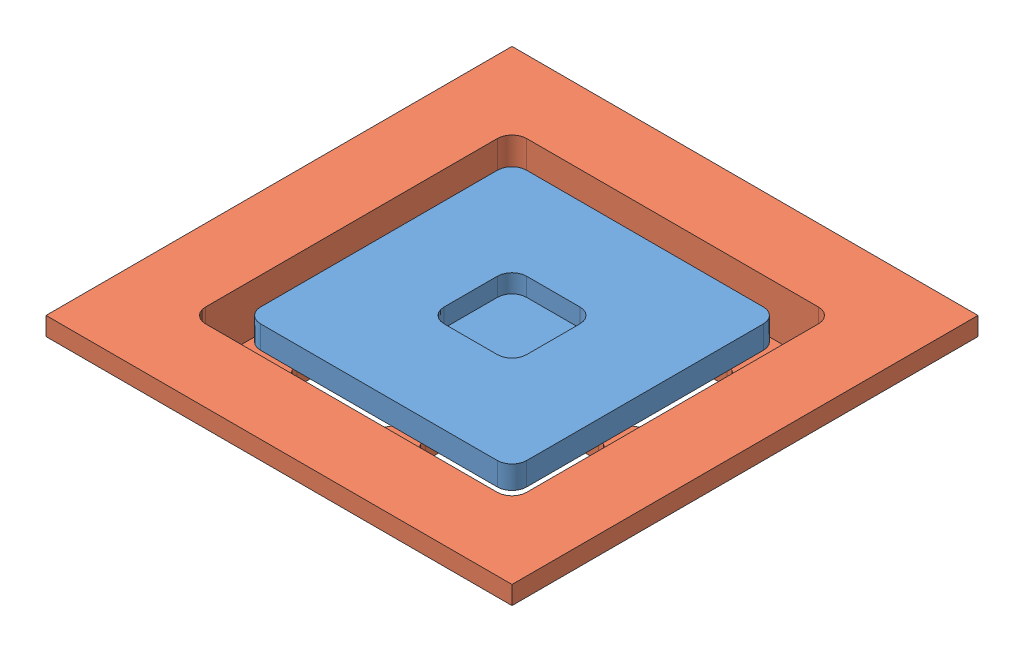
SolidWorks assembly Tower Cap ASM, configuration Default. Lengths in mm.
Overall size (50.8 7.5 50.8).
2 component instances, 2 part files, 3 mates.
Components (placement in the parent):
- Tower Cap - 01-1: Tower Cap - 01 [Default] at (12.9 178.5 -12.9) size (29 7.5 29)
- Tower Cap - 02-2: Tower Cap - 02 [Default] at (3.5875 178.4992 -3.5875) size (50.8 7.5 50.8)
Mates (geometry in assembly coordinates):
- Width11: width anti-aligned: plane of Tower Cap - 02-2 through (9.9 186 -44.9) normal (1 0 0); plane of Tower Cap - 02-2 through (44.9 186 -44.9) normal (-1 0 0); plane of Tower Cap - 01-1 through (12.9 186 -12.9) normal (-1 0 0); plane of Tower Cap - 01-1 through (41.9 186 -12.9) normal (1 0 0)
- Width12: width aligned: plane of Tower Cap - 01-1 through (12.9 186 -41.9) normal (0 0 -1); plane of Tower Cap - 01-1 through (12.9 186 -12.9) normal (0 0 1); plane of Tower Cap - 02-2 through (9.9 186 -9.9) normal (0 0 -1); plane of Tower Cap - 02-2 through (9.9 186 -44.9) normal (0 0 1)
- Coincident2: coincident aligned: plane of Tower Cap - 01-1 through (12.9 186 -12.9) normal (0 1 0); plane of Tower Cap - 03-1 through (3.5875 186 -3.5875) normal (0 1 0)
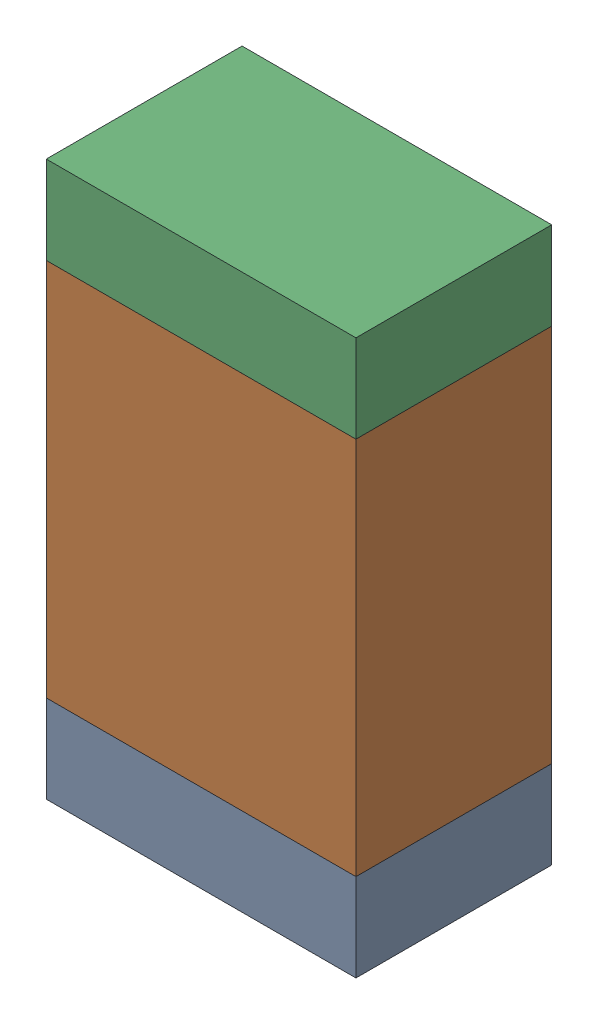
SolidWorks assembly R5, configuration Default. Lengths in mm.
Overall size (0.95 1.7 0.6).
6 component instances, 2 part files, 0 mates.
Components (placement in the parent):
- 959206216-1: 959206216 [Default] at (120.9041 81.6699 0) size (0.95 0.27 0.6)
  - Extruded-1: Extruded [Default] at origin size (0.95 0.27 0.6)
- 959206352-1: 959206352 [Default] at (120.9041 82.3849 0) size (0.95 1.16 0.6)
  - Extruded-1-1: Extruded-1 [Default] at origin size (0.95 1.16 0.6)
- 959206216-2: 959206216 [Default] at (120.9041 83.0999 0) size (0.95 0.27 0.6)
  - Extruded-1: Extruded [Default] at origin size (0.95 0.27 0.6)
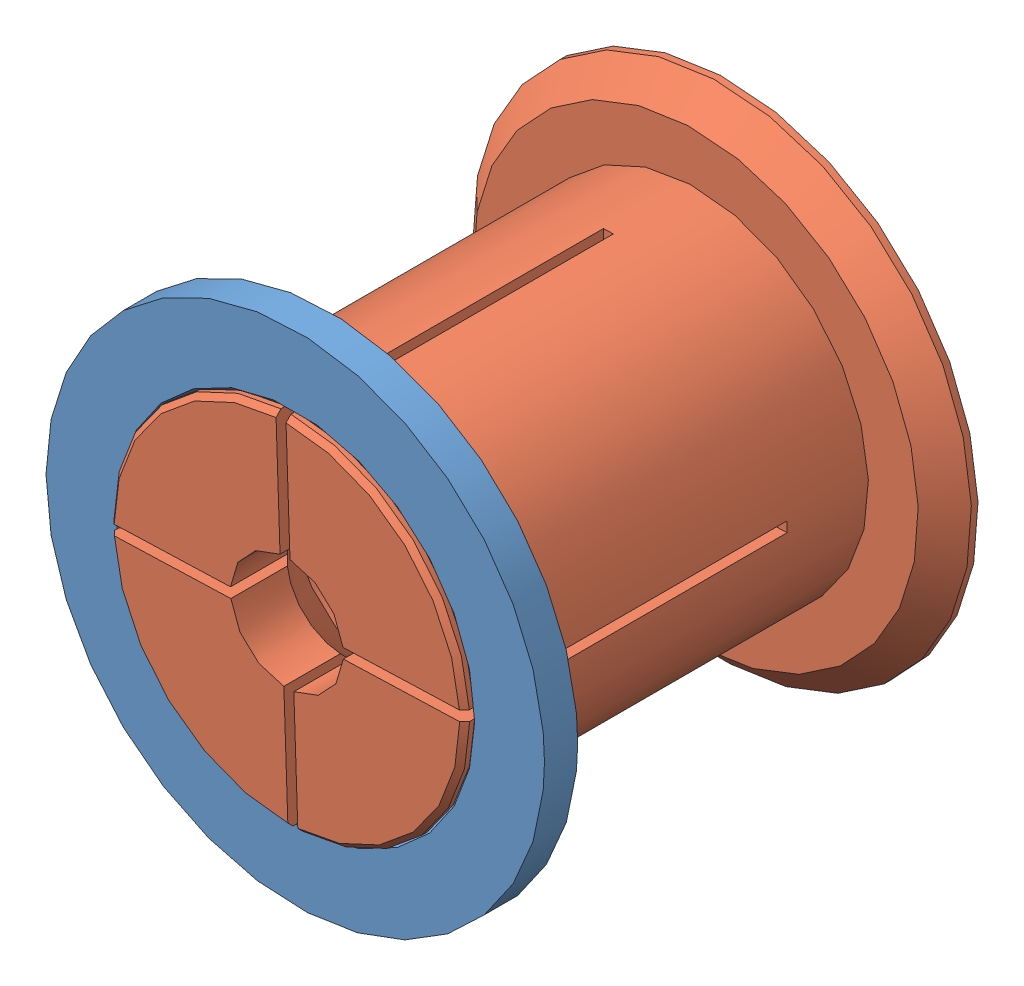
SolidWorks assembly 53-55-17-spool-adapter, configuration Default. Lengths in mm.
Overall size (77.51 77.51 66.5).
2 component instances, 2 part files, 2 mates.
Components (placement in the parent):
- 53-55-17-spool-adapter-female-1: 53-55-17-spool-adapter-female [Default] at (4.7434 31.7057 72.3889) size (75 75 5)
- 53-55-17-spool-adapter-male-1: 53-55-17-spool-adapter-male [Default] at (4.7434 31.7057 17.1389) x (0.999421 0.034015 0) z (0 0 1) size (75 75 66.5)
Mates (geometry in assembly coordinates):
- Concentric1: concentric: cylinder of 53-55-17-spool-adapter-female-1 through (4.7434 31.7057 72.3889) axis (0 0 1) radius 26.25; cylinder of 53-55-17-spool-adapter-male-1 through (4.7434 31.7057 78.6389) axis (0 0 -1) radius 26
- Coincident1: coincident aligned: cone of 53-55-17-spool-adapter-female-1 through (4.7434 31.7057 77.3889) axis (0 0 -1); cone of 53-55-17-spool-adapter-male-1 through (4.7434 31.7057 77.1389) axis (0 0 -1)
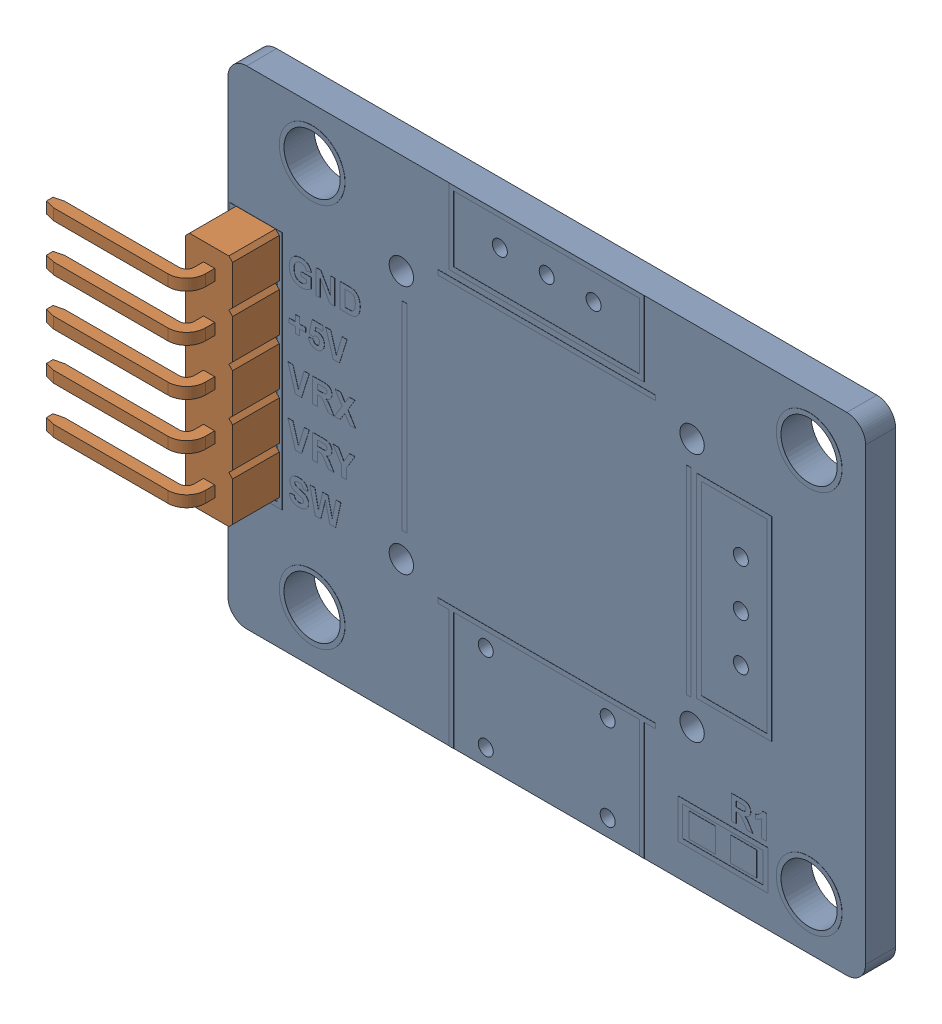
SolidWorks assembly BaseBoard, configuration Default. Lengths in mm.
Overall size (39.8 26 7).
2 component instances, 2 part files, 0 mates.
Components (placement in the parent):
- PCB-1: PCB [Default] at origin size (34 26 1.61)
- 5x_Ang_Conn-1: 5x_Ang_Conn [Default] at (-15.5 -1 1.6) size (8.55 12.5 7)

-*-

- **EXERCISE**
Above are the records; copy exactly the lines from the line with "- 53-55-17-spool-adapter-male-1: 53-55-17-spool-adapter-male" through the line with "- Concentric1: concentric: cylinder", both included.

- **COMPLETED EXERCISE**
- 53-55-17-spool-adapter-male-1: 53-55-17-spool-adapter-male [Default] at (4.7434 31.7057 17.1389) x (0.999421 0.034015 0) z (0 0 1) size (75 75 66.5)
Mates (geometry in assembly coordinates):
- Concentric1: concentric: cylinder of 53-55-17-spool-adapter-female-1 through (4.7434 31.7057 72.3889) axis (0 0 1) radius 26.25; cylinder of 53-55-17-spool-adapter-male-1 through (4.7434 31.7057 78.6389) axis (0 0 -1) radius 26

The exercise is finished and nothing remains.